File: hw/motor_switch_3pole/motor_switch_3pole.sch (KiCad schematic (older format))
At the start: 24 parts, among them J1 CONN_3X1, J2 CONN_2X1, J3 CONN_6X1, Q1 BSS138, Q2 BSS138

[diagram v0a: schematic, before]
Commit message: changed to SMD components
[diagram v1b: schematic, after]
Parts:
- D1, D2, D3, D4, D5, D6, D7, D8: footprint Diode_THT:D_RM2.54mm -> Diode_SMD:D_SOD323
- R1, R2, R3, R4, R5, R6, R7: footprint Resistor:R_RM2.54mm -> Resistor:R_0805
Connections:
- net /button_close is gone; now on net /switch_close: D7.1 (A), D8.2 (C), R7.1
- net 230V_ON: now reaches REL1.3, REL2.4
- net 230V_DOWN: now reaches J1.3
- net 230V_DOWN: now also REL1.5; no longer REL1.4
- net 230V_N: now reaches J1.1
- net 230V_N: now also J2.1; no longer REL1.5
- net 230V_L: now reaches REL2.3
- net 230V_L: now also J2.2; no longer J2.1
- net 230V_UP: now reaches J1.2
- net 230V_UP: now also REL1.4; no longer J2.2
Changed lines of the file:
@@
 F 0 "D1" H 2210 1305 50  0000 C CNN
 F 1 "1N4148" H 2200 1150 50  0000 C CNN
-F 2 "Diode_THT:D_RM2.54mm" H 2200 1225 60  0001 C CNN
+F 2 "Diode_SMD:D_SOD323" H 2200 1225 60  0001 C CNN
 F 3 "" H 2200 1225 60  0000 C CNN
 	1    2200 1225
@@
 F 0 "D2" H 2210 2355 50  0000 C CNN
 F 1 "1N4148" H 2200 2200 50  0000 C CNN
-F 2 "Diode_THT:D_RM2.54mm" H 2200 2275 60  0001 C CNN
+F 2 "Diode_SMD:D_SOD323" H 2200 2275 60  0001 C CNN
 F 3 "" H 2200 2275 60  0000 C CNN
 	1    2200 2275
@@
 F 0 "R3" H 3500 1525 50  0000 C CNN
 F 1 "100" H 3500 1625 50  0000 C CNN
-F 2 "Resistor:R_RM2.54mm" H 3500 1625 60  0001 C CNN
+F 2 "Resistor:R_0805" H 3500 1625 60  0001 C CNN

__ABOUT THIS TASK__
Across the records above, how many lines does the word "diagram" appear on? Reply with the number only.

__WRITTEN ANSWER__
2